Saturday, January 21, 2012

My First Winter Hike - Mount Hale 1-21-12

And it was essentially solo. Saw the first people of the day about 2 minutes down from the summit, then a group on the Zealand Road heading to the hut. Otherwise, just me, the lightly falling snow, and the woodpeckers (a bunch of them!)...


A quiet parking lot in the falling snow

Overall a great first hike. I was a bit worried about the -30 or lower wind chills predicted for the summits. Ended up with hardly any wind all day, even on the summit it was calm.

Parked at the winter Zealand Road parking on Rt. 302, walked up the road to Hale Brook, summited, and retraced steps. The road was well-packed with a spider-web of fresh and not-so-fresh ski tracks, and filled in footprints (about 1" fell overnight). I was obviously the first one up this way on this day, aside from maybe a skiier or two. Bare-booted up to Hale Brook, no problem.

At the start of (closed) Zealand Road

Gated entrance to Zealand Road

Trailhead Kiosk for Hale Brook Trail

I microspiked up Hale Brook. A fairly-well packed trail, with the same ~1" of powder on top, and I probably could have bare-booted the whole thing without trouble honestly. Summitted eventually (I was slow, about 30 minutes over book time from car to summit) I am rather not in shape...climbing was slow, perhaps I need to learn to slow my pace instead of the spurt-stop-spurt-stop deal that I did...this was also my first solo hike ever.

I hung around at the completely untouched summit for 30-45 minutes. Lend-a-Hand was not cleared out since Thursday night's snow it appeared, although it might have only been the 2" that had fallen since Friday night, I didn't go far enough to look. Not knowing exactly where the Fire Warden's Trail (which is officially closed, but a very popular approach, especially in winter) comes in (I didn't feel like pulling my map out...), I couldn't check that, but there was no obvious path so I'd say it too hadn't been touched in a day or so. No views thanks to the clouds, a brief glimpse of either Zealand or the Twins (too quick to orient myself) was it. Not that Hale has much of a view anyway without standing on the carin with arms stretched high with a camera... There were several inches of fresh powder on the summit, looked to be a solid 6" plus, so I put my snowshoes on and tramped around a little to get used to them.
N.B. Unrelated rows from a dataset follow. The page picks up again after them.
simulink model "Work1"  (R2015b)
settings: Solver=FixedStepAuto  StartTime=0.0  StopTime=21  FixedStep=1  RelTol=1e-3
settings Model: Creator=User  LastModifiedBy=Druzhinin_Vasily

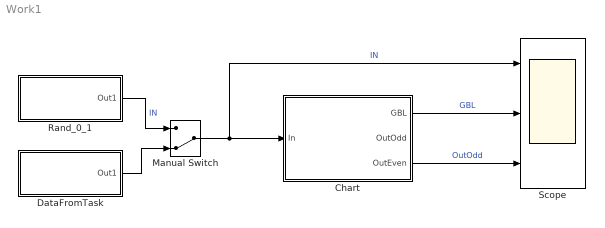
== system Work1 ==
  Chart : Stateflow chart  TreatAsAtomicUnit=on
  DataFromTask : Subsystem
  Manual Switch : ManualSwitch  CurrentSetting=0
  Rand_0_1 : Subsystem
  Scope : Scope  NumInputPorts=3
  wires:
  Manual Switch/1 -> Scope/1, Chart/1(In)  "IN"
  Chart/1(GBL) -> Scope/2  "GBL"
  Chart/3(OutEven) -> Scope/3  "OutOdd"
  DataFromTask/1(Out1) -> Manual Switch/2
  Rand_0_1/1(Out1) -> Manual Switch/1  "IN"

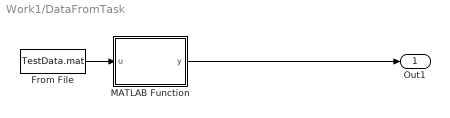
== system Work1/DataFromTask ==
  From File : FromFile  FileName=TestData.mat  SampleTime=1
  MATLAB Function : MATLAB Function  TreatAsAtomicUnit=on
  Out1 : Outport
  wires:
  MATLAB Function/1(y) -> Out1/1
  From File/1 -> MATLAB Function/1(u)

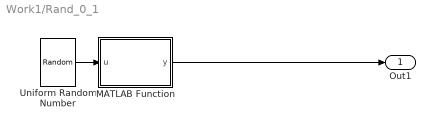
== system Work1/Rand_0_1 ==
  MATLAB Function : MATLAB Function  TreatAsAtomicUnit=on
  Uniform Random Number : UniformRandomNumber  Minimum=0  SampleTime=1
  Out1 : Outport
  wires:
  Uniform Random Number/1 -> MATLAB Function/1(u)
  MATLAB Function/1(y) -> Out1/1

== matlab function Work1/DataFromTask/MATLAB Function ==
  data: u input; y output
function y = fcn(u)
%#codegen
if u >= 0.5
    y=true;
else
    y=false;
end;

== matlab function Work1/Rand_0_1/MATLAB Function ==
  data: u input; y output
function y = fcn(u)
%#codegen
if u >= 0.5
    y=true;
else
    y=false;
end;

== stateflow chart Work1/Chart ==
  state StartMessage
    entry:
    GBL = GBL + 1;
  state StopMessage
    entry:
    GBL = GBL;
  state StopMessage1
    entry:
    if (rem(GBL,2)==0 && GBL~=0)
    OutEven=true;
    else
    OutEven = false;
    end;
    OutOdd=rem(GBL,2)
    GBL = 0;
  (default) -> (junction 15)
  StartMessage -> (junction 15)
  StopMessage1 -> (junction 15)
  (junction 15) -> StartMessage [order 2] : [In==1]
  (junction 15) -> StopMessage [order 1] : [In == 0]
  StopMessage -> StartMessage [order 2] : [In==1]
  StopMessage -> StopMessage1 [order 1] : [In==0]
  data: In input boolean; GBL output =0; OutOdd output; OutEven output boolean

Switched back to microspikes after a little bit.

Summit carin atop Mount Hale

The summit area of Mount Hale - you can just see the old foundation spikes poking through the snow.

Taken while standing on the carin with arm stretched up overhead - you can see some stuff on a better day, but it isn't much!

This way to Zealand Hut

Ate some food, headed down. Still in microspikes, but shortly after passing the previously mentioned couple, I put the snowshoes on. I was post-holing slightly with the harder landings from descending. No problems shoeing down, and since the couple was shoeing up, there should be a nice track again now. Descent was pretty solid, right around 1 hour. Put the snowshoes back on the pack at the trailhead, barebooted out. Drove back to Highland Center where I was staying in the bunkhouse and had a nice view of the Southern Presidential along Rt. 302 as the clouds had cleared...figures!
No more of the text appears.